If your dream is to make records you must be making and finishing records.  If your dream is to write a film you must be writing and finishing screenplays.  If you want to be a professional novelist you must be finishing and submitting manuscripts.

Inspiration without execution and completion is basically worthless.

Furthermore: in order to work, the things that you are making must be of real value to the world.  This can be a very sticky area of discussion, primarily because the surest enemy of anything great is Ego.

The fact that you made it doesn’t automatically mean that it is of any value at all.  I have heard it said that ‘the greater part of any success is understanding what the world wants from you – and not the other way around’…

…and with this I do not disagree.

2 – To be a successful independent artist you must understand (and to some degree master) the art of business.
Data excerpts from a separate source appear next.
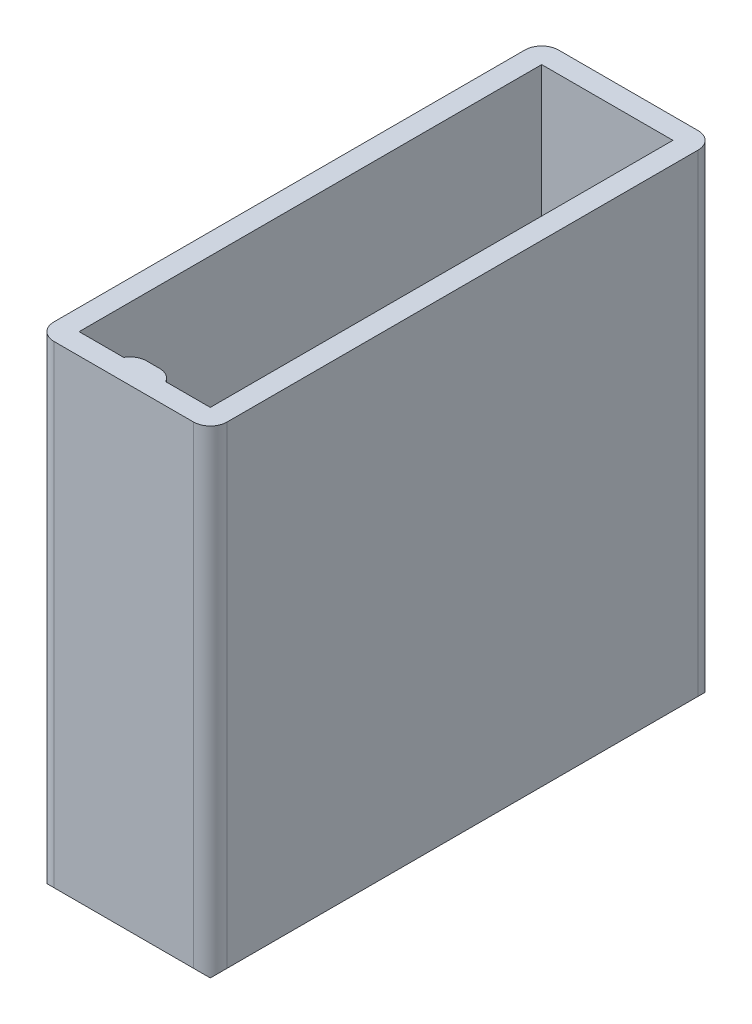
ISO-10303-21;
HEADER;
FILE_DESCRIPTION(('STEP AP214'),'2;1');
FILE_NAME('part.step','',(''),(''),'','','');
FILE_SCHEMA(('AUTOMOTIVE_DESIGN { 1 0 10303 214 1 1 1 1 }'));
ENDSEC;
DATA;
#1=APPLICATION_CONTEXT('core data for automotive mechanical design processes');
#2=APPLICATION_PROTOCOL_DEFINITION('international standard','automotive_design',2000,#1);
#3=PRODUCT_CONTEXT('',#1,'mechanical');
#4=PRODUCT('Part','Part','',(#3));
#5=PRODUCT_RELATED_PRODUCT_CATEGORY('part','',(#4));
#6=PRODUCT_DEFINITION_FORMATION('','',#4);
#7=PRODUCT_DEFINITION_CONTEXT('part definition',#1,'design');
#8=PRODUCT_DEFINITION('design','',#6,#7);
#9=PRODUCT_DEFINITION_SHAPE('','',#8);
#10=(LENGTH_UNIT() NAMED_UNIT(*) SI_UNIT(.MILLI.,.METRE.));
#11=(NAMED_UNIT(*) PLANE_ANGLE_UNIT() SI_UNIT($,.RADIAN.));
#12=(NAMED_UNIT(*) SI_UNIT($,.STERADIAN.) SOLID_ANGLE_UNIT());
#13=UNCERTAINTY_MEASURE_WITH_UNIT(LENGTH_MEASURE(1.E-05),#10,'distance_accuracy_value','');
#14=(GEOMETRIC_REPRESENTATION_CONTEXT(3) GLOBAL_UNCERTAINTY_ASSIGNED_CONTEXT((#13)) GLOBAL_UNIT_ASSIGNED_CONTEXT((#10,
#11,#12)) REPRESENTATION_CONTEXT('',''));
#15=CARTESIAN_POINT('',(0.,0.,0.));
#16=DIRECTION('',(0.,0.,1.));
#17=DIRECTION('',(1.,0.,0.));
#18=AXIS2_PLACEMENT_3D('',#15,#16,#17);
#19=CARTESIAN_POINT('',(-16.6611904761905,-28.6354761904762,34.925));
#20=DIRECTION('',(0.,0.,1.));
#21=DIRECTION('',(1.,0.,0.));
#22=AXIS2_PLACEMENT_3D('',#19,#20,#21);
#23=PLANE('',#22);
#24=DIRECTION('',(0.,-1.,0.));
#25=VECTOR('',#24,1.);
#26=CARTESIAN_POINT('',(-3.58019047619048,44.3895238095238,34.925));
#27=LINE('',#26,#25);
#28=CARTESIAN_POINT('',(-3.58019047619048,44.3895238095238,34.925));
#29=VERTEX_POINT('',#28);
#30=CARTESIAN_POINT('',(-3.58019047619048,43.6021238095238,34.925));
#31=VERTEX_POINT('',#30);
#32=EDGE_CURVE('E208',#29,#31,#27,.T.);
#33=ORIENTED_EDGE('',*,*,#32,.F.);
#34=DIRECTION('',(1.,0.,0.));
#35=VECTOR('',#34,1.);
#36=CARTESIAN_POINT('',(-16.6611904761905,44.3895238095238,34.925));
#37=LINE('',#36,#35);
#38=CARTESIAN_POINT('',(3.15080952380952,44.3895238095238,34.925));
#39=VERTEX_POINT('',#38);
#40=EDGE_CURVE('E202',#29,#39,#37,.T.);
#41=ORIENTED_EDGE('',*,*,#40,.T.);
#42=DIRECTION('',(0.,1.,0.));
#43=VECTOR('',#42,1.);
#44=CARTESIAN_POINT('',(3.15080952380954,-28.6354761904762,34.925));
#45=LINE('',#44,#43);
#46=CARTESIAN_POINT('',(3.15080952380954,-28.6354761904762,34.925));
#47=VERTEX_POINT('',#46);
#48=EDGE_CURVE('E235',#47,#39,#45,.T.);
#49=ORIENTED_EDGE('',*,*,#48,.F.);
#50=DIRECTION('',(1.,0.,0.));
#51=VECTOR('',#50,1.);
#52=CARTESIAN_POINT('',(-16.6611904761905,-28.6354761904762,34.925));
#53=LINE('',#52,#51);
#54=CARTESIAN_POINT('',(-16.6611904761905,-28.6354761904762,34.925));
#55=VERTEX_POINT('',#54);
#56=EDGE_CURVE('E218',#55,#47,#53,.T.);
#57=ORIENTED_EDGE('',*,*,#56,.F.);
#58=DIRECTION('',(0.,1.,0.));
#59=VECTOR('',#58,1.);
#60=CARTESIAN_POINT('',(-16.6611904761905,-28.6354761904762,34.925));
#61=LINE('',#60,#59);
#62=CARTESIAN_POINT('',(-16.6611904761905,44.3895238095238,34.925));
#63=VERTEX_POINT('',#62);
#64=EDGE_CURVE('E199',#55,#63,#61,.T.);
#65=ORIENTED_EDGE('',*,*,#64,.T.);
#66=CARTESIAN_POINT('',(-9.93019047619048,44.3895238095238,34.925));
#67=VERTEX_POINT('',#66);
#68=EDGE_CURVE('E188',#63,#67,#37,.T.);
#69=ORIENTED_EDGE('',*,*,#68,.T.);
#70=DIRECTION('',(0.,1.,0.));
#71=VECTOR('',#70,1.);
#72=CARTESIAN_POINT('',(-9.93019047619048,43.6021238095238,34.925));
#73=LINE('',#72,#71);
#74=CARTESIAN_POINT('',(-9.93019047619048,43.6021238095238,34.925));
#75=VERTEX_POINT('',#74);
#76=EDGE_CURVE('E197',#75,#67,#73,.T.);
#77=ORIENTED_EDGE('',*,*,#76,.F.);
#78=DIRECTION('',(-1.,0.,0.));
#79=VECTOR('',#78,1.);
#80=CARTESIAN_POINT('',(-3.58019047619048,43.6021238095238,34.925));
#81=LINE('',#80,#79);
#82=EDGE_CURVE('E204',#31,#75,#81,.T.);
#83=ORIENTED_EDGE('',*,*,#82,.F.);
#84=EDGE_LOOP('',(#33,#41,#49,#57,#65,#69,#77,#83));
#85=FACE_BOUND('',#84,.T.);
#86=ADVANCED_FACE('F44',(#85),#23,.F.);
#87=CARTESIAN_POINT('',(6.32580952380952,44.3895238095238,38.1));
#88=DIRECTION('',(0.,-1.,0.));
#89=DIRECTION('',(1.,0.,0.));
#90=AXIS2_PLACEMENT_3D('',#87,#88,#89);
#91=PLANE('',#90);
#92=ORIENTED_EDGE('',*,*,#40,.F.);
#93=CARTESIAN_POINT('',(-5.77989500180296,44.3895238095238,36.195));
#94=DIRECTION('',(0.,-1.,0.));
#95=DIRECTION('',(1.,0.,0.));
#96=AXIS2_PLACEMENT_3D('',#93,#94,#95);
#97=CIRCLE('',#96,2.54);
#98=CARTESIAN_POINT('',(-5.77989500180296,44.3895238095238,33.655));
#99=VERTEX_POINT('',#98);
#100=EDGE_CURVE('E11',#29,#99,#97,.F.);
#101=ORIENTED_EDGE('',*,*,#100,.T.);
#102=DIRECTION('',(1.,0.,0.));
#103=VECTOR('',#102,1.);
#104=CARTESIAN_POINT('',(-9.93019047619048,44.3895238095238,33.655));
#105=LINE('',#104,#103);
#106=CARTESIAN_POINT('',(-7.73048595057801,44.3895238095238,33.655));
#107=VERTEX_POINT('',#106);
#108=EDGE_CURVE('E190',#107,#99,#105,.T.);
#109=ORIENTED_EDGE('',*,*,#108,.F.);
#110=CARTESIAN_POINT('',(-7.73048595057801,44.3895238095238,36.195));
#111=DIRECTION('',(0.,-1.,0.));
#112=DIRECTION('',(1.,0.,0.));
#113=AXIS2_PLACEMENT_3D('',#110,#111,#112);
#114=CIRCLE('',#113,2.54);
#115=EDGE_CURVE('E52',#107,#67,#114,.F.);
#116=ORIENTED_EDGE('',*,*,#115,.T.);
#117=ORIENTED_EDGE('',*,*,#68,.F.);
#118=DIRECTION('',(0.,0.,1.));
#119=VECTOR('',#118,1.);
#120=CARTESIAN_POINT('',(-16.6611904761905,44.3895238095238,-34.925));
#121=LINE('',#120,#119);
#122=CARTESIAN_POINT('',(-16.6611904761905,44.3895238095238,-34.925));
#123=VERTEX_POINT('',#122);
#124=EDGE_CURVE('E227',#123,#63,#121,.T.);
#125=ORIENTED_EDGE('',*,*,#124,.F.);
#126=DIRECTION('',(-1.,0.,0.));
#127=VECTOR('',#126,1.);
#128=CARTESIAN_POINT('',(3.15080952380952,44.3895238095238,-34.925));
#129=LINE('',#128,#127);
#130=CARTESIAN_POINT('',(3.15080952380952,44.3895238095238,-34.925));
#131=VERTEX_POINT('',#130);
#132=EDGE_CURVE('E225',#131,#123,#129,.T.);
#133=ORIENTED_EDGE('',*,*,#132,.F.);
#134=DIRECTION('',(0.,0.,-1.));
#135=VECTOR('',#134,1.);
#136=CARTESIAN_POINT('',(3.15080952380952,44.3895238095238,34.925));
#137=LINE('',#136,#135);
#138=EDGE_CURVE('E201',#39,#131,#137,.T.);
#139=ORIENTED_EDGE('',*,*,#138,.F.);
#140=EDGE_LOOP('',(#92,#101,#109,#116,#117,#125,#133,#139));
#141=FACE_BOUND('',#140,.T.);
#142=DIRECTION('',(-1.,0.,0.));
#143=VECTOR('',#142,1.);
#144=CARTESIAN_POINT('',(6.32580952380952,44.3895238095238,-38.1));
#145=LINE('',#144,#143);
#146=CARTESIAN_POINT('',(3.78580952380952,44.3895238095238,-38.1));
#147=VERTEX_POINT('',#146);
#148=CARTESIAN_POINT('',(-17.2961904761905,44.3895238095238,-38.1));
#149=VERTEX_POINT('',#148);
#150=EDGE_CURVE('E234',#147,#149,#145,.T.);
#151=ORIENTED_EDGE('',*,*,#150,.T.);
#152=CARTESIAN_POINT('',(-17.2961904761905,44.3895238095238,-35.56));
#153=DIRECTION('',(0.,-1.,0.));
#154=DIRECTION('',(1.,0.,0.));
#155=AXIS2_PLACEMENT_3D('',#152,#153,#154);
#156=CIRCLE('',#155,2.54);
#157=CARTESIAN_POINT('',(-19.8361904761905,44.3895238095238,-35.56));
#158=VERTEX_POINT('',#157);
#159=EDGE_CURVE('E306',#149,#158,#156,.F.);
#160=ORIENTED_EDGE('',*,*,#159,.T.);
#161=DIRECTION('',(0.,0.,-1.));
#162=VECTOR('',#161,1.);
#163=CARTESIAN_POINT('',(-19.8361904761905,44.3895238095238,38.1));
#164=LINE('',#163,#162);
#165=CARTESIAN_POINT('',(-19.8361904761905,44.3895238095238,35.56));
#166=VERTEX_POINT('',#165);
#167=EDGE_CURVE('E249',#166,#158,#164,.T.);
#168=ORIENTED_EDGE('',*,*,#167,.F.);
#169=CARTESIAN_POINT('',(-17.2961904761905,44.3895238095238,35.56));
#170=DIRECTION('',(0.,-1.,0.));
#171=DIRECTION('',(1.,0.,0.));
#172=AXIS2_PLACEMENT_3D('',#169,#170,#171);
#173=CIRCLE('',#172,2.54);
#174=CARTESIAN_POINT('',(-17.2961904761905,44.3895238095238,38.1));
#175=VERTEX_POINT('',#174);
#176=EDGE_CURVE('E300',#166,#175,#173,.F.);
#177=ORIENTED_EDGE('',*,*,#176,.T.);
#178=DIRECTION('',(-1.,0.,0.));
#179=VECTOR('',#178,1.);
#180=CARTESIAN_POINT('',(6.32580952380952,44.3895238095238,38.1));
#181=LINE('',#180,#179);
#182=CARTESIAN_POINT('',(3.78580952380952,44.3895238095238,38.1));
#183=VERTEX_POINT('',#182);
#184=EDGE_CURVE('E241',#183,#175,#181,.T.);
#185=ORIENTED_EDGE('',*,*,#184,.F.);
#186=CARTESIAN_POINT('',(3.78580952380952,44.3895238095238,35.56));
#187=DIRECTION('',(0.,-1.,0.));
#188=DIRECTION('',(1.,0.,0.));
#189=AXIS2_PLACEMENT_3D('',#186,#187,#188);
#190=CIRCLE('',#189,2.54);
#191=CARTESIAN_POINT('',(6.32580952380952,44.3895238095238,35.56));
#192=VERTEX_POINT('',#191);
#193=EDGE_CURVE('E302',#183,#192,#190,.F.);
#194=ORIENTED_EDGE('',*,*,#193,.T.);
#195=DIRECTION('',(0.,0.,-1.));
#196=VECTOR('',#195,1.);
#197=CARTESIAN_POINT('',(6.32580952380952,44.3895238095238,38.1));
#198=LINE('',#197,#196);
#199=CARTESIAN_POINT('',(6.32580952380952,44.3895238095238,-35.56));
#200=VERTEX_POINT('',#199);
#201=EDGE_CURVE('E244',#192,#200,#198,.T.);
#202=ORIENTED_EDGE('',*,*,#201,.T.);
#203=CARTESIAN_POINT('',(3.78580952380952,44.3895238095238,-35.56));
#204=DIRECTION('',(0.,-1.,0.));
#205=DIRECTION('',(1.,0.,0.));
#206=AXIS2_PLACEMENT_3D('',#203,#204,#205);
#207=CIRCLE('',#206,2.54);
#208=EDGE_CURVE('E304',#200,#147,#207,.F.);
#209=ORIENTED_EDGE('',*,*,#208,.T.);
#210=EDGE_LOOP('',(#151,#160,#168,#177,#185,#194,#202,#209));
#211=FACE_BOUND('',#210,.T.);
#212=ADVANCED_FACE('F185',(#141,#211),#91,.F.);
#213=CARTESIAN_POINT('',(-19.8361904761905,44.3895238095238,38.1));
#214=DIRECTION('',(1.,0.,0.));
#215=DIRECTION('',(0.,0.,-1.));
#216=AXIS2_PLACEMENT_3D('',#213,#214,#215);
#217=PLANE('',#216);
#218=ORIENTED_EDGE('',*,*,#167,.T.);
#219=DIRECTION('',(0.,-1.,0.));
#220=VECTOR('',#219,1.);
#221=CARTESIAN_POINT('',(-19.8361904761905,44.3895238095238,-35.56));
#222=LINE('',#221,#220);
#223=CARTESIAN_POINT('',(-19.8361904761905,-27.0479761904762,-35.56));
#224=VERTEX_POINT('',#223);
#225=EDGE_CURVE('E285',#158,#224,#222,.T.);
#226=ORIENTED_EDGE('',*,*,#225,.T.);
#227=DIRECTION('',(0.,0.,1.));
#228=VECTOR('',#227,1.);
#229=CARTESIAN_POINT('',(-19.8361904761905,-27.0479761904762,38.1));
#230=LINE('',#229,#228);
#231=CARTESIAN_POINT('',(-19.8361904761905,-27.0479761904762,35.56));
#232=VERTEX_POINT('',#231);
#233=EDGE_CURVE('E262',#224,#232,#230,.T.);
#234=ORIENTED_EDGE('',*,*,#233,.T.);
#235=DIRECTION('',(0.,-1.,0.));
#236=VECTOR('',#235,1.);
#237=CARTESIAN_POINT('',(-19.8361904761905,44.3895238095238,35.56));
#238=LINE('',#237,#236);
#239=EDGE_CURVE('E274',#232,#166,#238,.F.);
#240=ORIENTED_EDGE('',*,*,#239,.T.);
#241=EDGE_LOOP('',(#218,#226,#234,#240));
#242=FACE_BOUND('',#241,.T.);
#243=ADVANCED_FACE('F357',(#242),#217,.F.);
#244=CARTESIAN_POINT('',(-19.8361904761905,-31.8104761904762,38.1));
#245=DIRECTION('',(0.,1.,0.));
#246=DIRECTION('',(0.,0.,1.));
#247=AXIS2_PLACEMENT_3D('',#244,#245,#246);
#248=PLANE('',#247);
#249=DIRECTION('',(-1.,0.,0.));
#250=VECTOR('',#249,1.);
#251=CARTESIAN_POINT('',(-19.8361904761905,-31.8104761904762,33.3375));
#252=LINE('',#251,#250);
#253=CARTESIAN_POINT('',(1.5633095238095,-31.8104761904762,33.3375));
#254=VERTEX_POINT('',#253);
#255=CARTESIAN_POINT('',(-15.0736904761905,-31.8104761904762,33.3375));
#256=VERTEX_POINT('',#255);
#257=EDGE_CURVE('E252',#254,#256,#252,.T.);
#258=ORIENTED_EDGE('',*,*,#257,.T.);
#259=DIRECTION('',(0.,0.,-1.));
#260=VECTOR('',#259,1.);
#261=CARTESIAN_POINT('',(-15.0736904761905,-31.8104761904762,38.1));
#262=LINE('',#261,#260);
#263=CARTESIAN_POINT('',(-15.0736904761905,-31.8104761904762,-33.3375));
#264=VERTEX_POINT('',#263);
#265=EDGE_CURVE('E259',#256,#264,#262,.T.);
#266=ORIENTED_EDGE('',*,*,#265,.T.);
#267=DIRECTION('',(1.,0.,0.));
#268=VECTOR('',#267,1.);
#269=CARTESIAN_POINT('',(-19.8361904761905,-31.8104761904762,-33.3375));
#270=LINE('',#269,#268);
#271=CARTESIAN_POINT('',(1.5633095238095,-31.8104761904762,-33.3375));
#272=VERTEX_POINT('',#271);
#273=EDGE_CURVE('E256',#264,#272,#270,.T.);
#274=ORIENTED_EDGE('',*,*,#273,.T.);
#275=DIRECTION('',(0.,0.,1.));
#276=VECTOR('',#275,1.);
#277=CARTESIAN_POINT('',(1.5633095238095,-31.8104761904762,38.1));
#278=LINE('',#277,#276);
#279=EDGE_CURVE('E254',#272,#254,#278,.T.);
#280=ORIENTED_EDGE('',*,*,#279,.T.);
#281=EDGE_LOOP('',(#258,#266,#274,#280));
#282=FACE_BOUND('',#281,.T.);
#283=ADVANCED_FACE('F383',(#282),#248,.F.);
#284=CARTESIAN_POINT('',(6.32580952380952,-31.8104761904762,38.1));
#285=DIRECTION('',(-1.,0.,0.));
#286=DIRECTION('',(0.,-1.,0.));
#287=AXIS2_PLACEMENT_3D('',#284,#285,#286);
#288=PLANE('',#287);
#289=DIRECTION('',(0.,0.,-1.));
#290=VECTOR('',#289,1.);
#291=CARTESIAN_POINT('',(6.32580952380952,-27.0479761904762,38.1));
#292=LINE('',#291,#290);
#293=CARTESIAN_POINT('',(6.32580952380952,-27.0479761904762,35.56));
#294=VERTEX_POINT('',#293);
#295=CARTESIAN_POINT('',(6.32580952380952,-27.0479761904762,-35.56));
#296=VERTEX_POINT('',#295);
#297=EDGE_CURVE('E268',#294,#296,#292,.T.);
#298=ORIENTED_EDGE('',*,*,#297,.T.);
#299=DIRECTION('',(0.,1.,0.));
#300=VECTOR('',#299,1.);
#301=CARTESIAN_POINT('',(6.32580952380952,-31.8104761904762,-35.56));
#302=LINE('',#301,#300);
#303=EDGE_CURVE('E310',#296,#200,#302,.T.);
#304=ORIENTED_EDGE('',*,*,#303,.T.);
#305=ORIENTED_EDGE('',*,*,#201,.F.);
#306=DIRECTION('',(0.,1.,0.));
#307=VECTOR('',#306,1.);
#308=CARTESIAN_POINT('',(6.32580952380952,-27.0479761904762,35.56));
#309=LINE('',#308,#307);
#310=EDGE_CURVE('E308',#192,#294,#309,.F.);
#311=ORIENTED_EDGE('',*,*,#310,.T.);
#312=EDGE_LOOP('',(#298,#304,#305,#311));
#313=FACE_BOUND('',#312,.T.);
#314=ADVANCED_FACE('F376',(#313),#288,.F.);
#315=CARTESIAN_POINT('',(0.,0.,38.1));
#316=DIRECTION('',(0.,0.,1.));
#317=DIRECTION('',(1.,0.,0.));
#318=AXIS2_PLACEMENT_3D('',#315,#316,#317);
#319=PLANE('',#318);
#320=DIRECTION('',(1.,0.,0.));
#321=VECTOR('',#320,1.);
#322=CARTESIAN_POINT('',(6.32580952380952,-27.0479761904762,38.1));
#323=LINE('',#322,#321);
#324=CARTESIAN_POINT('',(-17.2961904761905,-27.0479761904762,38.1));
#325=VERTEX_POINT('',#324);
#326=CARTESIAN_POINT('',(3.78580952380952,-27.0479761904762,38.1));
#327=VERTEX_POINT('',#326);
#328=EDGE_CURVE('E271',#325,#327,#323,.T.);
#329=ORIENTED_EDGE('',*,*,#328,.T.);
#330=DIRECTION('',(0.,1.,0.));
#331=VECTOR('',#330,1.);
#332=CARTESIAN_POINT('',(3.78580952380952,44.3895238095238,38.1));
#333=LINE('',#332,#331);
#334=EDGE_CURVE('E320',#327,#183,#333,.T.);
#335=ORIENTED_EDGE('',*,*,#334,.T.);
#336=ORIENTED_EDGE('',*,*,#184,.T.);
#337=DIRECTION('',(0.,-1.,0.));
#338=VECTOR('',#337,1.);
#339=CARTESIAN_POINT('',(-17.2961904761905,-27.0479761904762,38.1));
#340=LINE('',#339,#338);
#341=EDGE_CURVE('E317',#175,#325,#340,.T.);
#342=ORIENTED_EDGE('',*,*,#341,.T.);
#343=EDGE_LOOP('',(#329,#335,#336,#342));
#344=FACE_BOUND('',#343,.T.);
#345=ADVANCED_FACE('F373',(#344),#319,.T.);
#346=CARTESIAN_POINT('',(0.,0.,-38.1));
#347=DIRECTION('',(0.,0.,1.));
#348=DIRECTION('',(1.,0.,0.));
#349=AXIS2_PLACEMENT_3D('',#346,#347,#348);
#350=PLANE('',#349);
#351=DIRECTION('',(-1.,0.,0.));
#352=VECTOR('',#351,1.);
#353=CARTESIAN_POINT('',(0.,-27.0479761904762,-38.1));
#354=LINE('',#353,#352);
#355=CARTESIAN_POINT('',(3.78580952380952,-27.0479761904762,-38.1));
#356=VERTEX_POINT('',#355);
#357=CARTESIAN_POINT('',(-17.2961904761905,-27.0479761904762,-38.1));
#358=VERTEX_POINT('',#357);
#359=EDGE_CURVE('E265',#356,#358,#354,.T.);
#360=ORIENTED_EDGE('',*,*,#359,.T.);
#361=DIRECTION('',(0.,-1.,0.));
#362=VECTOR('',#361,1.);
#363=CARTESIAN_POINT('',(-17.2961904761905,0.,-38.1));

There is no getting around this.  Being a successful independent artist requires an understanding of business; which at it’s fundamental level, is really an understanding of how to facilitate a basic exchange of value (i.e. arrange things so that people can, and do, give you money for whatever it is you are making.)

Do not subscribe to the egregiously seductive ‘Field of Dreams’ fallacy that: ‘all you have to do is make something amazing and the world will beat a path to your door’.  For this is the most flagrant of bullshittery.

Yes, you must make the best thing you can make, but you must also do the work to bring it to people.  It is not enough to kill the bull, you must also carry it back to the village before anyone can eat. (There is a reason that the people who created the beautiful story that is ‘Field of Dreams’ also chose to employ a massive world-wide marketing campaign…)

And do not get this twisted.  Business and entrepreneurship is as much a skill and art as: playing your instrument / writing / or performing brain surgery.  And I think we can all agree that, when it comes to things like brain surgery…

…it’s best to know what you are doing before you pick up the knife.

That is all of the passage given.